Work request: Copy out each line of the material in which the word "CIRCLE" can be found.

_____

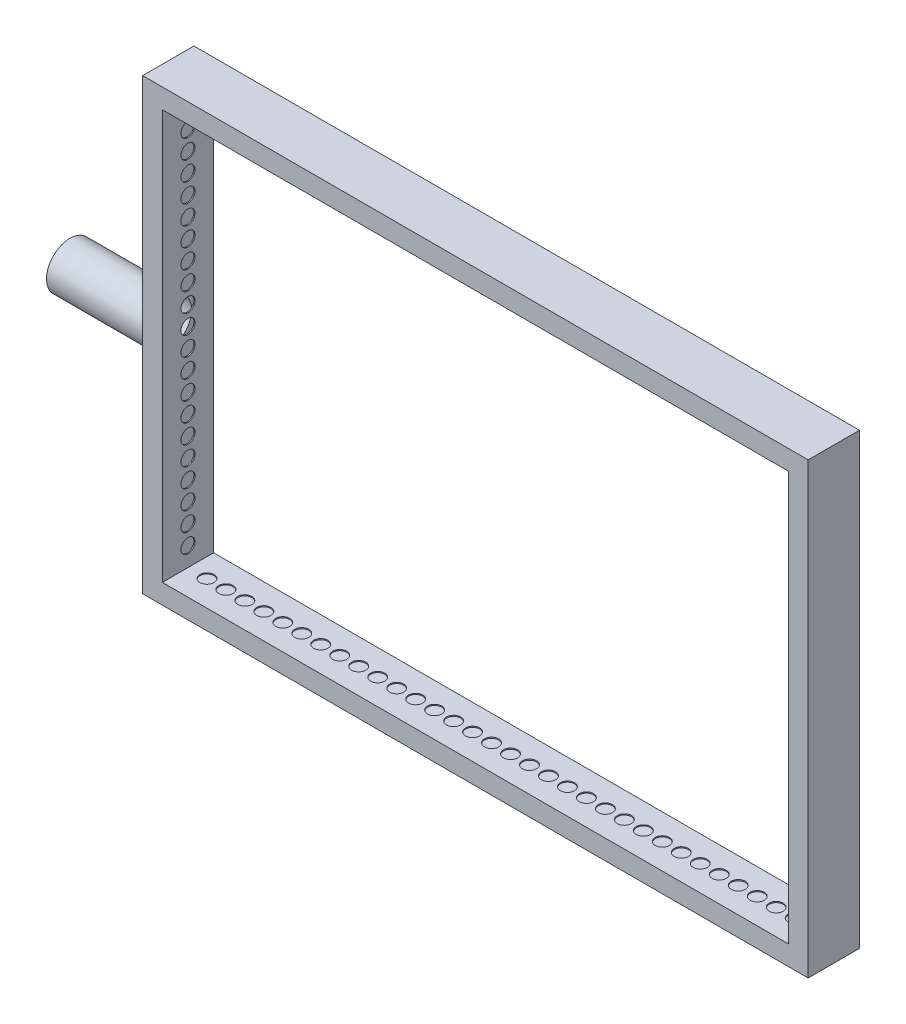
ISO-10303-21;
HEADER;
FILE_DESCRIPTION(('STEP AP214'),'2;1');
FILE_NAME('part.step','',(''),(''),'','','');
FILE_SCHEMA(('AUTOMOTIVE_DESIGN { 1 0 10303 214 1 1 1 1 }'));
ENDSEC;
DATA;
#1=APPLICATION_CONTEXT('core data for automotive mechanical design processes');
#2=APPLICATION_PROTOCOL_DEFINITION('international standard','automotive_design',2000,#1);
#3=PRODUCT_CONTEXT('',#1,'mechanical');
#4=PRODUCT('Part','Part','',(#3));
#5=PRODUCT_RELATED_PRODUCT_CATEGORY('part','',(#4));
#6=PRODUCT_DEFINITION_FORMATION('','',#4);
#7=PRODUCT_DEFINITION_CONTEXT('part definition',#1,'design');
#8=PRODUCT_DEFINITION('design','',#6,#7);
#9=PRODUCT_DEFINITION_SHAPE('','',#8);
#10=(LENGTH_UNIT() NAMED_UNIT(*) SI_UNIT(.MILLI.,.METRE.));
#11=(NAMED_UNIT(*) PLANE_ANGLE_UNIT() SI_UNIT($,.RADIAN.));
#12=(NAMED_UNIT(*) SI_UNIT($,.STERADIAN.) SOLID_ANGLE_UNIT());
#13=UNCERTAINTY_MEASURE_WITH_UNIT(LENGTH_MEASURE(1.E-05),#10,'distance_accuracy_value','');
#14=(GEOMETRIC_REPRESENTATION_CONTEXT(3) GLOBAL_UNCERTAINTY_ASSIGNED_CONTEXT((#13)) GLOBAL_UNIT_ASSIGNED_CONTEXT((#10,
#11,#12)) REPRESENTATION_CONTEXT('',''));
#15=CARTESIAN_POINT('',(0.,0.,0.));
#16=DIRECTION('',(0.,0.,1.));
#17=DIRECTION('',(1.,0.,0.));
#18=AXIS2_PLACEMENT_3D('',#15,#16,#17);
#19=CARTESIAN_POINT('',(0.,0.,73.));
#20=DIRECTION('',(1.,0.,0.));
#21=DIRECTION('',(0.,0.,-1.));
#22=AXIS2_PLACEMENT_3D('',#19,#20,#21);
#23=PLANE('',#22);
#24=CARTESIAN_POINT('',(0.,316.5,36.5));
#25=DIRECTION('',(1.,0.,0.));
#26=DIRECTION('',(0.,0.,-1.));
#27=AXIS2_PLACEMENT_3D('',#24,#25,#26);
#28=CIRCLE('',#27,33.25);
#29=CARTESIAN_POINT('',(0.,316.5,3.24999999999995));
#30=VERTEX_POINT('',#29);
#31=EDGE_CURVE('E11',#30,#30,#28,.F.);
#32=ORIENTED_EDGE('',*,*,#31,.F.);
#33=EDGE_LOOP('',(#32));
#34=FACE_BOUND('',#33,.T.);
#35=DIRECTION('',(0.,-1.,0.));
#36=VECTOR('',#35,1.);
#37=CARTESIAN_POINT('',(0.,0.,0.));
#38=LINE('',#37,#36);
#39=CARTESIAN_POINT('',(0.,638.5,0.));
#40=VERTEX_POINT('',#39);
#41=CARTESIAN_POINT('',(0.,0.,0.));
#42=VERTEX_POINT('',#41);
#43=EDGE_CURVE('E933',#40,#42,#38,.T.);
#44=ORIENTED_EDGE('',*,*,#43,.T.);
#45=DIRECTION('',(0.,0.,-1.));
#46=VECTOR('',#45,1.);
#47=CARTESIAN_POINT('',(0.,0.,73.));
#48=LINE('',#47,#46);
#49=CARTESIAN_POINT('',(0.,0.,73.));
#50=VERTEX_POINT('',#49);
#51=EDGE_CURVE('E38',#50,#42,#48,.T.);
#52=ORIENTED_EDGE('',*,*,#51,.F.);
#53=DIRECTION('',(0.,-1.,0.));
#54=VECTOR('',#53,1.);
#55=CARTESIAN_POINT('',(0.,0.,73.));
#56=LINE('',#55,#54);
#57=CARTESIAN_POINT('',(0.,638.5,73.));
#58=VERTEX_POINT('',#57);
#59=EDGE_CURVE('E934',#58,#50,#56,.T.);
#60=ORIENTED_EDGE('',*,*,#59,.F.);
#61=DIRECTION('',(0.,0.,-1.));
#62=VECTOR('',#61,1.);
#63=CARTESIAN_POINT('',(0.,638.5,73.));
#64=LINE('',#63,#62);
#65=EDGE_CURVE('E944',#58,#40,#64,.T.);
#66=ORIENTED_EDGE('',*,*,#65,.T.);
#67=EDGE_LOOP('',(#44,#52,#60,#66));
#68=FACE_BOUND('',#67,.T.);
#69=DIRECTION('',(0.,-1.,0.));
#70=VECTOR('',#69,1.);
#71=CARTESIAN_POINT('',(0.,485.315990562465,30.4428540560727));
#72=LINE('',#71,#70);
#73=CARTESIAN_POINT('',(0.,485.315990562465,30.4428540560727));
#74=VERTEX_POINT('',#73);
#75=CARTESIAN_POINT('',(0.,402.955182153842,30.4428540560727));
#76=VERTEX_POINT('',#75);
#77=EDGE_CURVE('E187',#74,#76,#72,.T.);
#78=ORIENTED_EDGE('',*,*,#77,.F.);
#79=DIRECTION('',(0.,0.,-1.));
#80=VECTOR('',#79,1.);
#81=CARTESIAN_POINT('',(0.,485.315990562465,30.4428540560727));
#82=LINE('',#81,#80);
#83=CARTESIAN_POINT('',(0.,485.315990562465,40.7379551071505));
#84=VERTEX_POINT('',#83);
#85=EDGE_CURVE('E184',#84,#74,#82,.T.);
#86=ORIENTED_EDGE('',*,*,#85,.F.);
#87=DIRECTION('',(0.,1.,0.));
#88=VECTOR('',#87,1.);
#89=CARTESIAN_POINT('',(0.,485.315990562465,40.7379551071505));
#90=LINE('',#89,#88);
#91=CARTESIAN_POINT('',(0.,402.955182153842,40.7379551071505));
#92=VERTEX_POINT('',#91);
#93=EDGE_CURVE('E50',#92,#84,#90,.T.);
#94=ORIENTED_EDGE('',*,*,#93,.F.);
#95=DIRECTION('',(0.,0.,1.));
#96=VECTOR('',#95,1.);
#97=CARTESIAN_POINT('',(0.,402.955182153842,30.4428540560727));
#98=LINE('',#97,#96);
#99=EDGE_CURVE('E45',#76,#92,#98,.T.);
#100=ORIENTED_EDGE('',*,*,#99,.F.);
#101=EDGE_LOOP('',(#78,#86,#94,#100));
#102=FACE_BOUND('',#101,.T.);
#103=ADVANCED_FACE('F31',(#34,#68,#102),#23,.F.);
#104=CARTESIAN_POINT('',(1.49999999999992,637.,1.5));
#105=DIRECTION('',(0.,1.,0.));
#106=DIRECTION('',(0.,0.,1.));
#107=AXIS2_PLACEMENT_3D('',#104,#105,#106);
#108=PLANE('',#107);
#109=DIRECTION('',(-1.,0.,0.));
#110=VECTOR('',#109,1.);
#111=CARTESIAN_POINT('',(1.49999999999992,637.,71.5));
#112=LINE('',#111,#110);
#113=CARTESIAN_POINT('',(945.5,637.,71.5));
#114=VERTEX_POINT('',#113);
#115=CARTESIAN_POINT('',(1.49999999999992,637.,71.5));
#116=VERTEX_POINT('',#115);
#117=EDGE_CURVE('E864',#114,#116,#112,.T.);
#118=ORIENTED_EDGE('',*,*,#117,.T.);
#119=DIRECTION('',(0.,0.,1.));
#120=VECTOR('',#119,1.);
#121=CARTESIAN_POINT('',(1.49999999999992,637.,1.5));
#122=LINE('',#121,#120);
#123=CARTESIAN_POINT('',(1.49999999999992,637.,1.5));
#124=VERTEX_POINT('',#123);
#125=EDGE_CURVE('E884',#124,#116,#122,.T.);
#126=ORIENTED_EDGE('',*,*,#125,.F.);
#127=DIRECTION('',(-1.,0.,0.));
#128=VECTOR('',#127,1.);
#129=CARTESIAN_POINT('',(1.49999999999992,637.,1.5));
#130=LINE('',#129,#128);
#131=CARTESIAN_POINT('',(945.5,637.,1.5));
#132=VERTEX_POINT('',#131);
#133=EDGE_CURVE('E871',#132,#124,#130,.T.);
#134=ORIENTED_EDGE('',*,*,#133,.F.);
#135=DIRECTION('',(0.,0.,1.));
#136=VECTOR('',#135,1.);
#137=CARTESIAN_POINT('',(945.5,637.,1.5));
#138=LINE('',#137,#136);
#139=EDGE_CURVE('E895',#132,#114,#138,.T.);
#140=ORIENTED_EDGE('',*,*,#139,.T.);
#141=EDGE_LOOP('',(#118,#126,#134,#140));
#142=FACE_BOUND('',#141,.T.);
#143=ADVANCED_FACE('F1018',(#142),#108,.F.);
#144=CARTESIAN_POINT('',(945.5,1.5,1.5));
#145=DIRECTION('',(1.,0.,0.));
#146=DIRECTION('',(0.,0.,-1.));
#147=AXIS2_PLACEMENT_3D('',#144,#145,#146);
#148=PLANE('',#147);
#149=DIRECTION('',(0.,1.,0.));
#150=VECTOR('',#149,1.);
#151=CARTESIAN_POINT('',(945.5,1.5,71.5));
#152=LINE('',#151,#150);
#153=CARTESIAN_POINT('',(945.5,1.5,71.5));
#154=VERTEX_POINT('',#153);
#155=EDGE_CURVE('E875',#154,#114,#152,.T.);
#156=ORIENTED_EDGE('',*,*,#155,.T.);
#157=ORIENTED_EDGE('',*,*,#139,.F.);
#158=DIRECTION('',(0.,1.,0.));
#159=VECTOR('',#158,1.);
#160=CARTESIAN_POINT('',(945.5,1.5,1.5));
#161=LINE('',#160,#159);
#162=CARTESIAN_POINT('',(945.5,1.5,1.5));
#163=VERTEX_POINT('',#162);
#164=EDGE_CURVE('E881',#163,#132,#161,.T.);
#165=ORIENTED_EDGE('',*,*,#164,.F.);
#166=DIRECTION('',(0.,0.,1.));
#167=VECTOR('',#166,1.);
#168=CARTESIAN_POINT('',(945.5,1.5,1.5));
#169=LINE('',#168,#167);
#170=EDGE_CURVE('E898',#163,#154,#169,.T.);
#171=ORIENTED_EDGE('',*,*,#170,.T.);
#172=EDGE_LOOP('',(#156,#157,#165,#171));
#173=FACE_BOUND('',#172,.T.);
#174=ADVANCED_FACE('F1023',(#173),#148,.F.);
#175=CARTESIAN_POINT('',(1.5,1.5,1.5));
#176=DIRECTION('',(0.,-1.,0.));
#177=DIRECTION('',(1.,0.,0.));
#178=AXIS2_PLACEMENT_3D('',#175,#176,#177);
#179=PLANE('',#178);
#180=DIRECTION('',(1.,0.,0.));
#181=VECTOR('',#180,1.);
#182=CARTESIAN_POINT('',(1.5,1.5,71.5));
#183=LINE('',#182,#181);
#184=CARTESIAN_POINT('',(1.5,1.5,71.5));
#185=VERTEX_POINT('',#184);
#186=EDGE_CURVE('E890',#185,#154,#183,.T.);
#187=ORIENTED_EDGE('',*,*,#186,.T.);
#188=ORIENTED_EDGE('',*,*,#170,.F.);
#189=DIRECTION('',(1.,0.,0.));
#190=VECTOR('',#189,1.);
#191=CARTESIAN_POINT('',(1.5,1.5,1.5));
#192=LINE('',#191,#190);
#193=CARTESIAN_POINT('',(1.5,1.5,1.5));
#194=VERTEX_POINT('',#193);
#195=EDGE_CURVE('E878',#194,#163,#192,.T.);
#196=ORIENTED_EDGE('',*,*,#195,.F.);
#197=DIRECTION('',(0.,0.,1.));
#198=VECTOR('',#197,1.);
#199=CARTESIAN_POINT('',(1.5,1.5,1.5));
#200=LINE('',#199,#198);
#201=EDGE_CURVE('E900',#194,#185,#200,.T.);
#202=ORIENTED_EDGE('',*,*,#201,.T.);
#203=EDGE_LOOP('',(#187,#188,#196,#202));
#204=FACE_BOUND('',#203,.T.);
#205=ADVANCED_FACE('F1491',(#204),#179,.F.);
#206=CARTESIAN_POINT('',(1.49999999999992,637.,1.5));
#207=DIRECTION('',(-1.,0.,0.));
#208=DIRECTION('',(0.,-1.,0.));
#209=AXIS2_PLACEMENT_3D('',#206,#207,#208);
#210=PLANE('',#209);
#211=CARTESIAN_POINT('',(1.49999999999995,316.5,36.5));
#212=DIRECTION('',(-1.,0.,0.));
#213=DIRECTION('',(0.,-1.,0.));
#214=AXIS2_PLACEMENT_3D('',#211,#212,#213);
#215=CIRCLE('',#214,31.75);
#216=CARTESIAN_POINT('',(1.49999999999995,284.75,36.5));
#217=VERTEX_POINT('',#216);
#218=EDGE_CURVE('E191',#217,#217,#215,.F.);
#219=ORIENTED_EDGE('',*,*,#218,.F.);
#220=EDGE_LOOP('',(#219));
#221=FACE_BOUND('',#220,.T.);
#222=DIRECTION('',(0.,-1.,0.));
#223=VECTOR('',#222,1.);
#224=CARTESIAN_POINT('',(1.49999999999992,637.,71.5));
#225=LINE('',#224,#223);
#226=EDGE_CURVE('E887',#116,#185,#225,.T.);
#227=ORIENTED_EDGE('',*,*,#226,.T.);
#228=ORIENTED_EDGE('',*,*,#201,.F.);
#229=DIRECTION('',(0.,-1.,0.));
#230=VECTOR('',#229,1.);
#231=CARTESIAN_POINT('',(1.49999999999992,637.,1.5));
#232=LINE('',#231,#230);
#233=EDGE_CURVE('E874',#124,#194,#232,.T.);
#234=ORIENTED_EDGE('',*,*,#233,.F.);
#235=ORIENTED_EDGE('',*,*,#125,.T.);
#236=EDGE_LOOP('',(#227,#228,#234,#235));
#237=FACE_BOUND('',#236,.T.);
#238=ADVANCED_FACE('F1484',(#221,#237),#210,.F.);
#239=CARTESIAN_POINT('',(945.5,637.,1.5));
#240=DIRECTION('',(0.,0.,1.));
#241=DIRECTION('',(1.,0.,0.));
#242=AXIS2_PLACEMENT_3D('',#239,#240,#241);
#243=PLANE('',#242);
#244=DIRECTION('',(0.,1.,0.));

_____

Problem solution:
#28=CIRCLE('',#27,33.25);
#215=CIRCLE('',#214,31.75);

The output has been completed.